#### Entries supplied
- - -

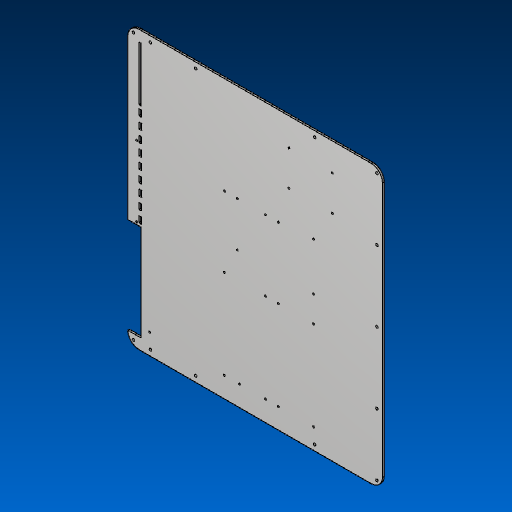
# Autodesk Inventor part: right_panel
Saved by Autodesk Inventor 2018 (Build 220112000, 112)
## iProperties
Created: 2019-10-14
Part Number: right_panel
Material: アルミニウム 6061
Document SubType Name: Modeling
Designer: gisen
Density: 2.7 g/cm^3
Appearance: アルミニウム - フラット
Author: gisen
Autodesk Inventor part; units mm, degrees
ref_plane "YZ Plane" through (0, 0, 0) normal (1, 0, 0) x (0, 1, 0)
ref_plane "XZ Plane" through (0, 0, 0) normal (0, 1, 0) x (-1, 0, 0)
ref_plane "XY Plane" through (0, 0, 0) normal (0, 0, 1) x (1, 0, 0)
sketch "スケッチ1" plane through (0, 0, 0) normal (0, 0, 1) x (1, 0, 0)
  line L0 (-205, -245) -> (205, -245)
  line L1 (225, -225) -> (225, 225)
  line L2 (205, 245) -> (-205, 245)
  line L3 (-225, 225) -> (-225, -225)
  line L4 (-225, -245) -> (225, 245) construction
  line L5 (225, -245) -> (-225, 245) construction
  circle A0 centre (-215, 235) radius 2.25
  circle A1 centre (215, 235) radius 2.25
  circle A2 centre (-215, -235) radius 2.25
  circle A3 centre (215, -235) radius 2.25
  arc A4 (-205, 245) -> (-225, 225) centre (-205, 225) ccw
  arc A5 (225, 225) -> (205, 245) centre (205, 225) ccw
  arc A6 (205, -245) -> (225, -225) centre (205, -225) ccw
  arc A7 (-225, -225) -> (-205, -245) centre (-205, -225) ccw
  point P0 (0, 0)
  dimension "d0" = 450
  dimension "d1" = 490
  dimension "d2" = 4.5
  dimension "d3" = 10
  dimension "d4" = 10
  dimension "d5" = 10
  dimension "d6" = 10
  dimension "d7" = 10
  dimension "d8" = 10
  dimension "d9" = 10
  dimension "d10" = 10
  dimension "d11" = 20
  constraints: 12 end point, 8 centre point, 8 point on circle, 8 point on line, 8 tangent, 6 equal radius, 2 midpoint, 2 parallel, 1 horizontal, 1 perpendicular
  measures "d0" distance of L5.end L4.end
  measures "d1" distance of L4.end L5.start
  measures "d2" diameter of A0
  measures "d3" distance from line of A0.centre L2
  measures "d4" distance from line of L3 A0.centre
  measures "d5" distance from line of A1.centre L2
  measures "d6" distance from line of L1 A1.centre
  measures "d7" distance from line of L1 A3.centre
  measures "d8" distance from line of L0 A3.centre
  measures "d9" distance from line of L0 A2.centre
  measures "d10" distance from line of L3 A2.centre
  measures "d11" radius of A4
extrude "押し出し1" add sketch "スケッチ1" along normal blind 3
sketch "スケッチ2" plane through (0, 0, 3) normal (0, 0, 1) x (1, 0, 0)
  circle A0 centre (18.0923, 72.9265) radius 1.6
  circle A1 centre (-54.2977, 72.9265) radius 1.6
  circle A2 centre (-209.2377, 72.9265) radius 1.6
  circle A3 centre (-209.2377, -51.5335) radius 1.6
  circle A4 centre (-186.3777, -209.0135) radius 1.6
  circle A5 centre (-54.2977, -209.0135) radius 1.6
  circle A6 centre (18.0923, -209.0135) radius 1.6
  circle A7 centre (18.0923, -51.5335) radius 1.6
  circle A8 centre (-54.2977, -51.5335) radius 1.6
  circle A9 centre (38.092, -209.014) radius 2.25 projected
  circle A10 centre (-166.378, -209.014) radius 2.25 projected
  circle A11 centre (38.092, -51.534) radius 2.25 projected
  circle A12 centre (38.092, 72.926) radius 2.25 projected
  circle A13 centre (-34.298, -209.014) radius 2.25 projected
  circle A14 centre (-34.298, -51.534) radius 2.25 projected
  circle A15 centre (-34.298, 72.926) radius 2.25 projected
  circle A16 centre (-189.238, -51.534) radius 2.25 projected
  circle A17 centre (-189.238, 72.926) radius 2.25 projected
  point P0 (0, 0)
  dimension "d14" = 3.2
  constraints: 9 centre point, 8 equal radius
  measures "d14" diameter of A0
extrude "押し出し2" cut sketch "スケッチ2" against normal blind 3 contours A0 | A1 | A2 | A3 | A4 | A5 | A6 | A7 | A8
sketch "スケッチ4" plane through (0, 0, 3) normal (0, 0, 1) x (1, 0, 0)
  line L0 (-205, -225) -> (-202, -225) projected
  line L1 (-205, -50.8937) -> (-205, -40.6067) projected
  line L2 (-205, -50.8937) -> (-202, -50.8937) projected
  line L3 (-202, -40.6067) -> (-202, -50.8937) projected
  line L4 (-205, -40.6067) -> (-202, -40.6067) projected
  line L5 (-205, -30.5483) -> (-205, -20.2613) projected
  line L6 (-205, -30.5483) -> (-202, -30.5483) projected
  line L7 (-202, -20.2613) -> (-202, -30.5483) projected
  line L8 (-205, -20.2613) -> (-202, -20.2613) projected
  line L9 (-205, -9.8937) -> (-205, 0.3933) projected
  line L10 (-205, -9.8937) -> (-202, -9.8937) projected
  line L11 (-202, 0.3933) -> (-202, -9.8937) projected
  line L12 (-205, 0.3933) -> (-202, 0.3933) projected
  line L13 (-205, 10.4517) -> (-205, 20.7387) projected
  line L14 (-205, 10.4517) -> (-202, 10.4517) projected
  line L15 (-202, 20.7387) -> (-202, 10.4517) projected
  line L16 (-205, 20.7387) -> (-202, 20.7387) projected
  line L17 (-205, 31.1063) -> (-205, 41.3933) projected
  line L18 (-205, 31.1063) -> (-202, 31.1063) projected
  line L19 (-202, 41.3933) -> (-202, 31.1063) projected
  line L20 (-205, 41.3933) -> (-202, 41.3933) projected
  line L21 (-205, 51.4517) -> (-205, 61.7387) projected
  line L22 (-205, 51.4517) -> (-202, 51.4517) projected
  line L23 (-202, 61.7387) -> (-202, 51.4517) projected
  line L24 (-205, 61.7387) -> (-202, 61.7387) projected
  line L25 (-205, 72.1063) -> (-205, 82.3933) projected
  line L26 (-205, 72.1063) -> (-202, 72.1063) projected
  line L27 (-202, 82.3933) -> (-202, 72.1063) projected
  line L28 (-205, 82.3933) -> (-202, 82.3933) projected
  line L29 (-205, 92.4517) -> (-205, 102.7387) projected
  line L30 (-205, 92.4517) -> (-202, 92.4517) projected
  line L31 (-202, 102.7387) -> (-202, 92.4517) projected
  line L32 (-205, 102.7387) -> (-202, 102.7387) projected
  line L33 (-205, 225) -> (-205, 129.6) projected
  line L34 (-205, 129.6) -> (-202, 129.6) projected
  line L35 (-202, 225) -> (-202, 129.6) projected
  line L36 (-205, 225) -> (-202, 225) projected
  line L37 (-202, 102.7387) -> (-201, 102.7387)
  line L38 (-201, 102.7387) -> (-201, 92.4517)
  line L39 (-201, 92.4517) -> (-202, 92.4517)
  line L40 (-202, 82.3933) -> (-201, 82.3933)
  line L41 (-201, 82.3933) -> (-201, 72.1063)
  line L42 (-201, 72.1063) -> (-202, 72.1063)
  line L43 (-202, 61.7387) -> (-201, 61.7387)
  line L44 (-201, 61.7387) -> (-201, 51.4517)
  line L45 (-201, 51.4517) -> (-202, 51.4517)
  line L46 (-202, 41.3933) -> (-201, 41.3933)
  line L47 (-201, 41.3933) -> (-201, 31.1063)
  line L48 (-201, 31.1063) -> (-202, 31.1063)
  line L49 (-202, 20.7387) -> (-201, 20.7387)
  line L50 (-201, 20.7387) -> (-201, 10.4517)
  line L51 (-201, 10.4517) -> (-202, 10.4517)
  line L52 (-202, 0.3933) -> (-201, 0.3933)
  line L53 (-201, 0.3933) -> (-201, -9.8937)
  line L54 (-201, -9.8937) -> (-202, -9.8937)
  line L55 (-202, -20.2613) -> (-201, -20.2613)
  line L56 (-201, -20.2613) -> (-201, -30.5483)
  line L57 (-201, -30.5483) -> (-202, -30.5483)
  line L58 (-202, -40.6067) -> (-201, -40.6067)
  line L59 (-201, -40.6067) -> (-201, -50.8937)
  line L60 (-201, -50.8937) -> (-202, -50.8937)
  line L61 (-205, -56.064) -> (-205, -225) projected
  line L62 (-202, -56.064) -> (-202, -225) projected
  line L63 (-205, 112.7971) -> (-202, 112.7971) projected
  line L64 (-205, 123.0841) -> (-205, 112.7971) projected
  line L65 (-205, 123.0841) -> (-202, 123.0841) projected
  line L66 (-202, 112.7971) -> (-201, 112.7971)
  line L67 (-201, 112.7971) -> (-201, 123.0841)
  line L68 (-201, 123.0841) -> (-202, 123.0841)
  line L69 (-205, -56.064) -> (-202, -56.064) projected
  point P0 (0, 0)
  point P1 (-225, -58.3552)
  point P2 (-222, -58.3552)
  point P3 (-225, -120.4005)
  point P4 (-222, -120.4005)
  dimension "d17" = 1
  constraints: 54 end point, 16 perpendicular, 9 equal length, 9 horizontal, 1 collinear, 4 other
  measures "d17" distance of L31.start L37.end
extrude "押し出し3" cut sketch "スケッチ4" against normal blind 3
sketch "スケッチ5" plane through (0, 0, 3) normal (0, 0, 1) x (1, 0, 0)
  circle A0 centre (-215, 235) radius 2.25 construction
  circle A1 centre (-215, -235) radius 2.25 construction
  circle A2 centre (-185, -235) radius 2.25
  line L0 (-205, -245) -> (205, -245) projected
  circle A3 centre (-185, 235) radius 2.25
  line L1 (205, 245) -> (-205, 245) projected
  point P0 (0, 0)
  dimension "d20" = 30
  dimension "d21" = 10
  dimension "d22" = 30
  dimension "d23" = 10
  constraints: 2 centre point, 2 equal radius
  measures "d20" distance of A1.centre A2.centre
  measures "d21" distance from line of L0 A2.centre
  measures "d22" distance of A0.centre A3.centre
  measures "d23" distance from line of L1 A3.centre
extrude "押し出し4" cut sketch "スケッチ5" against normal blind 3
sketch "スケッチ6" plane through (0, 0, 3) normal (0, 0, 1) x (1, 0, 0)
  circle A0 centre (-185, -235) radius 2.25 construction
  circle A1 centre (-185, 235) radius 2.25 construction
  circle A2 centre (18.0923, -51.5335) radius 1.6 construction
  circle A3 centre (-54.2977, -209.0135) radius 1.6 construction
  circle A4 centre (-209.2377, -51.5335) radius 1.6 construction
  circle A5 centre (-54.2977, 72.9265) radius 1.6 construction
  circle A6 centre (18.0923, 72.9265) radius 1.6 construction
  circle A7 centre (-209.2377, 72.9265) radius 1.6 construction
  circle A8 centre (-186.3777, -209.0135) radius 1.6 construction
  circle A9 centre (18.0923, -209.0135) radius 1.6 construction
  circle A10 centre (-54.2977, -51.5335) radius 1.6 construction
  circle A11 centre (215, -235) radius 2.25 construction
  circle A12 centre (-215, -235) radius 2.25 construction
  circle A13 centre (215, 235) radius 2.25 construction
  circle A14 centre (-215, 235) radius 2.25 construction
  line L0 (205, 245) -> (-205, 245) construction
  arc A15 (-205, 245) -> (-225, 225) centre (-205, 225) ccw construction
  line L1 (-225, 225) -> (-225, -225) construction
  arc A16 (-225, -225) -> (-205, -245) centre (-205, -225) ccw construction
  line L2 (-205, -245) -> (205, -245) construction
  arc A17 (205, -245) -> (225, -225) centre (205, -225) ccw construction
  line L3 (225, -225) -> (225, 225) construction
  arc A18 (225, 225) -> (205, 245) centre (205, 225) ccw construction
  line L4 (-201.8, 129.4) -> (-205.2, 129.4)
  line L5 (-205.2, 129.4) -> (-205.2, 225.2)
  line L6 (-205.2, 225.2) -> (-201.8, 225.2)
  line L7 (-201.8, 225.2) -> (-201.8, 129.4)
  line L8 (-200.8, 102.9387) -> (-200.8, 92.2517)
  line L9 (-200.8, 92.2517) -> (-205.2, 92.2517)
  line L10 (-205.2, 92.2517) -> (-205.2, 102.9387)
  line L11 (-205.2, 102.9387) -> (-200.8, 102.9387)
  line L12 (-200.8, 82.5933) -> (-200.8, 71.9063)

- - -

#### Work instruction
Copy out the range of lines above starting at the line with "of L1 A1.centre" and ending at the line with "circle A4 centre (-186.3777, -209.0135)", exactly and including both.

#### Response area
  measures "d6" distance from line of L1 A1.centre
  measures "d7" distance from line of L1 A3.centre
  measures "d8" distance from line of L0 A3.centre
  measures "d9" distance from line of L0 A2.centre
  measures "d10" distance from line of L3 A2.centre
  measures "d11" radius of A4
extrude "押し出し1" add sketch "スケッチ1" along normal blind 3
sketch "スケッチ2" plane through (0, 0, 3) normal (0, 0, 1) x (1, 0, 0)
  circle A0 centre (18.0923, 72.9265) radius 1.6
  circle A1 centre (-54.2977, 72.9265) radius 1.6
  circle A2 centre (-209.2377, 72.9265) radius 1.6
  circle A3 centre (-209.2377, -51.5335) radius 1.6
  circle A4 centre (-186.3777, -209.0135) radius 1.6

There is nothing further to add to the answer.